Queensland Premier ignores climate change loves coal.

Communities, emergency services and health services across Queensland need to be adequately resourced to cope with increasing bushfire risk.

  • Bushfires in Queensland over the years have caused numerous deaths and losses of property and infrastructure, and have negatively affected agricultural and forestry production, and ecosystems.
  • The average annual economic cost of bushfires in Australia is $1.1 billion per year (Deloitte 2017).
  • Inhalation of smoke and gases from bushfires can affect human health, especially in the elderly, young or those with heart or respiratory conditions.
  • Increasing severity, intensity and frequency of fires, coupled with increasing length of bushfire seasons throughout Australia, is straining Queensland’s existing resources and capacity for fighting and managing fires.
  • During the current fires other states and territories have sent firefighters, fire trucks and aircraft to Queensland to assist. Queensland’s bushfire season usually does not extend this long, and fortuitously, NSW and the ACT, which normally would be experiencing heightened bushfire threats now, have experienced some rain allowing them to release resources.
  • Overlapping fire seasons will increasingly restrict the ability of states and territories, and of other countries such as the USA, Canada and New Zealand, to send firefighting assistance. This will drive increased costs for state and territory governments, or alternatively, increased losses.
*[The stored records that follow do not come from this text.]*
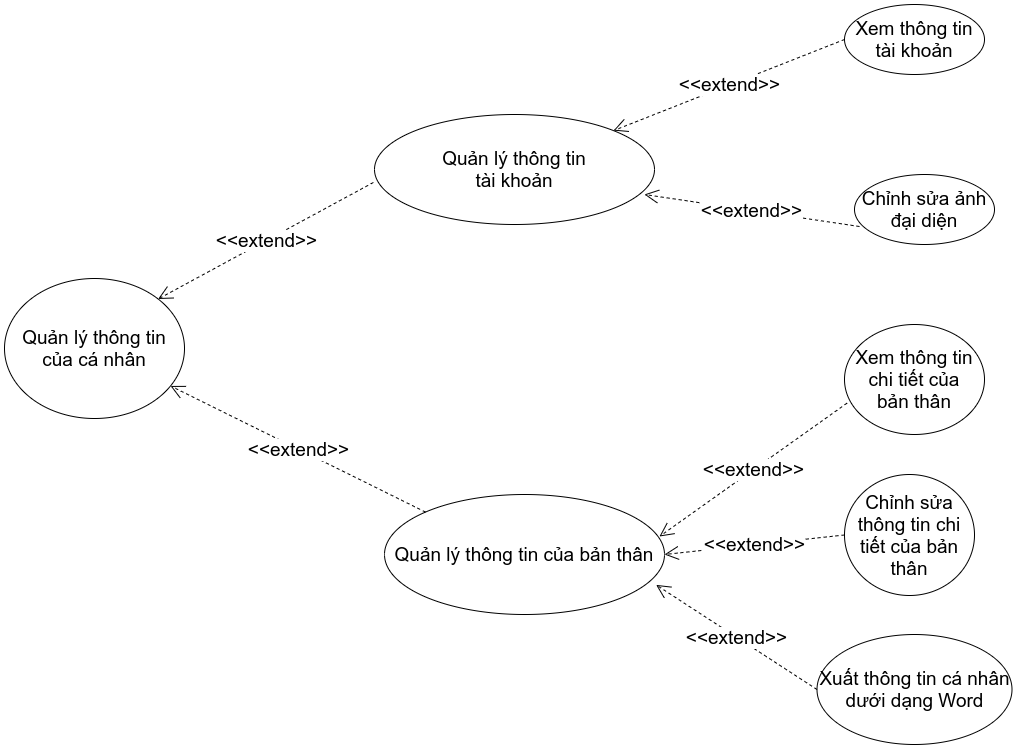

The diagram above was exported from draw.io. Its source (the exported page's mxGraphModel, read from the mxfile embedded in the PNG):
<mxGraphModel dx="816" dy="445" grid="1" gridSize="10" guides="1" tooltips="1" connect="1" arrows="1" fold="1" page="1" pageScale="1" pageWidth="1169" pageHeight="827" math="0" shadow="0">
  <root>
    <mxCell id="0" />
    <mxCell id="1" parent="0" />
    <mxCell id="W9fnRRlvrlFpNPnea0Lj-1" value="Quản lý thông tin của cá nhân" style="ellipse;whiteSpace=wrap;html=1;fontSize=19;" parent="1" vertex="1">
      <mxGeometry x="10" y="334" width="180" height="140" as="geometry" />
    </mxCell>
    <mxCell id="W9fnRRlvrlFpNPnea0Lj-2" value="Quản lý thông tin&lt;br&gt;tài khoản" style="ellipse;whiteSpace=wrap;html=1;fontSize=19;" parent="1" vertex="1">
      <mxGeometry x="380" y="170" width="280" height="110" as="geometry" />
    </mxCell>
    <mxCell id="W9fnRRlvrlFpNPnea0Lj-3" value="Quản lý thông tin của bản thân" style="ellipse;whiteSpace=wrap;html=1;fontSize=19;" parent="1" vertex="1">
      <mxGeometry x="390" y="550" width="280" height="120" as="geometry" />
    </mxCell>
    <mxCell id="W9fnRRlvrlFpNPnea0Lj-5" value="Xem thông tin tài khoản" style="ellipse;whiteSpace=wrap;html=1;fontSize=19;" parent="1" vertex="1">
      <mxGeometry x="850" y="60" width="140" height="70" as="geometry" />
    </mxCell>
    <mxCell id="W9fnRRlvrlFpNPnea0Lj-6" value="Chỉnh sửa ảnh đại diện" style="ellipse;whiteSpace=wrap;html=1;fontSize=19;" parent="1" vertex="1">
      <mxGeometry x="860" y="230" width="140" height="70" as="geometry" />
    </mxCell>
    <mxCell id="W9fnRRlvrlFpNPnea0Lj-7" value="Xem thông tin chi tiết của&lt;br&gt;bản thân" style="ellipse;whiteSpace=wrap;html=1;fontSize=19;" parent="1" vertex="1">
      <mxGeometry x="850" y="380" width="140" height="110" as="geometry" />
    </mxCell>
    <mxCell id="W9fnRRlvrlFpNPnea0Lj-8" value="Chỉnh sửa thông tin chi tiết của bản thân" style="ellipse;whiteSpace=wrap;html=1;fontSize=19;" parent="1" vertex="1">
      <mxGeometry x="850" y="530" width="130" height="121" as="geometry" />
    </mxCell>
    <mxCell id="W9fnRRlvrlFpNPnea0Lj-9" value="Xuất thông tin cá nhân dưới dạng Word" style="ellipse;whiteSpace=wrap;html=1;fontSize=19;" parent="1" vertex="1">
      <mxGeometry x="822.5" y="690" width="195" height="110" as="geometry" />
    </mxCell>
    <mxCell id="W9fnRRlvrlFpNPnea0Lj-12" value="&amp;lt;&amp;lt;extend&amp;gt;&amp;gt;" style="endArrow=open;endSize=12;dashed=1;html=1;fontSize=19;exitX=-0.004;exitY=0.618;exitDx=0;exitDy=0;entryX=1;entryY=0;entryDx=0;entryDy=0;exitPerimeter=0;" parent="1" source="W9fnRRlvrlFpNPnea0Lj-2" target="W9fnRRlvrlFpNPnea0Lj-1" edge="1">
      <mxGeometry width="160" relative="1" as="geometry">
        <mxPoint x="120" y="180" as="sourcePoint" />
        <mxPoint x="280" y="180" as="targetPoint" />
      </mxGeometry>
    </mxCell>
    <mxCell id="W9fnRRlvrlFpNPnea0Lj-14" value="&amp;lt;&amp;lt;extend&amp;gt;&amp;gt;" style="endArrow=open;endSize=12;dashed=1;html=1;fontSize=19;exitX=0;exitY=0;exitDx=0;exitDy=0;" parent="1" source="W9fnRRlvrlFpNPnea0Lj-3" target="W9fnRRlvrlFpNPnea0Lj-1" edge="1">
      <mxGeometry width="160" relative="1" as="geometry">
        <mxPoint x="545.2400000000001" y="390" as="sourcePoint" />
        <mxPoint x="329.99961030678935" y="506.5225253169415" as="targetPoint" />
      </mxGeometry>
    </mxCell>
    <mxCell id="W9fnRRlvrlFpNPnea0Lj-15" value="&amp;lt;&amp;lt;extend&amp;gt;&amp;gt;" style="endArrow=open;endSize=12;dashed=1;html=1;fontSize=19;exitX=0;exitY=0.5;exitDx=0;exitDy=0;entryX=1;entryY=0;entryDx=0;entryDy=0;" parent="1" source="W9fnRRlvrlFpNPnea0Lj-5" target="W9fnRRlvrlFpNPnea0Lj-2" edge="1">
      <mxGeometry width="160" relative="1" as="geometry">
        <mxPoint x="765.2400000000001" y="20.00000000000003" as="sourcePoint" />
        <mxPoint x="549.9996103067894" y="136.5225253169415" as="targetPoint" />
      </mxGeometry>
    </mxCell>
    <mxCell id="W9fnRRlvrlFpNPnea0Lj-16" value="&amp;lt;&amp;lt;extend&amp;gt;&amp;gt;" style="endArrow=open;endSize=12;dashed=1;html=1;fontSize=19;exitX=0.036;exitY=0.743;exitDx=0;exitDy=0;entryX=0.964;entryY=0.727;entryDx=0;entryDy=0;exitPerimeter=0;entryPerimeter=0;" parent="1" source="W9fnRRlvrlFpNPnea0Lj-6" target="W9fnRRlvrlFpNPnea0Lj-2" edge="1">
      <mxGeometry width="160" relative="1" as="geometry">
        <mxPoint x="685.2400000000001" y="297" as="sourcePoint" />
        <mxPoint x="469.99961030678935" y="413.5225253169415" as="targetPoint" />
      </mxGeometry>
    </mxCell>
    <mxCell id="W9fnRRlvrlFpNPnea0Lj-17" value="&amp;lt;&amp;lt;extend&amp;gt;&amp;gt;" style="endArrow=open;endSize=12;dashed=1;html=1;fontSize=19;exitX=0.018;exitY=0.715;exitDx=0;exitDy=0;entryX=0.982;entryY=0.35;entryDx=0;entryDy=0;exitPerimeter=0;entryPerimeter=0;" parent="1" source="W9fnRRlvrlFpNPnea0Lj-7" target="W9fnRRlvrlFpNPnea0Lj-3" edge="1">
      <mxGeometry width="160" relative="1" as="geometry">
        <mxPoint x="725.2400000000001" y="400" as="sourcePoint" />
        <mxPoint x="509.99961030678935" y="516.5225253169415" as="targetPoint" />
      </mxGeometry>
    </mxCell>
    <mxCell id="W9fnRRlvrlFpNPnea0Lj-19" value="&amp;lt;&amp;lt;extend&amp;gt;&amp;gt;" style="endArrow=open;endSize=12;dashed=1;html=1;fontSize=19;exitX=0;exitY=0.5;exitDx=0;exitDy=0;entryX=1;entryY=0.5;entryDx=0;entryDy=0;" parent="1" source="W9fnRRlvrlFpNPnea0Lj-8" target="W9fnRRlvrlFpNPnea0Lj-3" edge="1">
      <mxGeometry width="160" relative="1" as="geometry">
        <mxPoint x="850.02" y="518.6500000000001" as="sourcePoint" />
        <mxPoint x="666.56" y="588.6799999999998" as="targetPoint" />
      </mxGeometry>
    </mxCell>
    <mxCell id="W9fnRRlvrlFpNPnea0Lj-20" value="&amp;lt;&amp;lt;extend&amp;gt;&amp;gt;" style="endArrow=open;endSize=12;dashed=1;html=1;fontSize=19;exitX=0;exitY=0.5;exitDx=0;exitDy=0;entryX=0.97;entryY=0.753;entryDx=0;entryDy=0;entryPerimeter=0;" parent="1" source="W9fnRRlvrlFpNPnea0Lj-9" target="W9fnRRlvrlFpNPnea0Lj-3" edge="1">
      <mxGeometry width="160" relative="1" as="geometry">
        <mxPoint x="768.46" y="736.9800000000001" as="sourcePoint" />
        <mxPoint x="585" y="807.0099999999999" as="targetPoint" />
      </mxGeometry>
    </mxCell>
  </root>
</mxGraphModel>

Stronger climate change action is needed to reduce bushfire risk.

  • Australia must reduce its greenhouse gas pollution rapidly and deeply to reduce the risk of exposure to extreme events, including bushfires. Burning fossil fuels, like coal, oil and gas, must be phased out.

  • So-called ‘clean coal’ or any new fossil fuel projects, such as Adani’s Carmichael mine, are not compatible with effectively tackling climate change.

  • We have the solutions at our disposal to tackle climate change, we need to accelerate the transition to renewables and storage technologies, and non-polluting transport, infrastructure, and food production.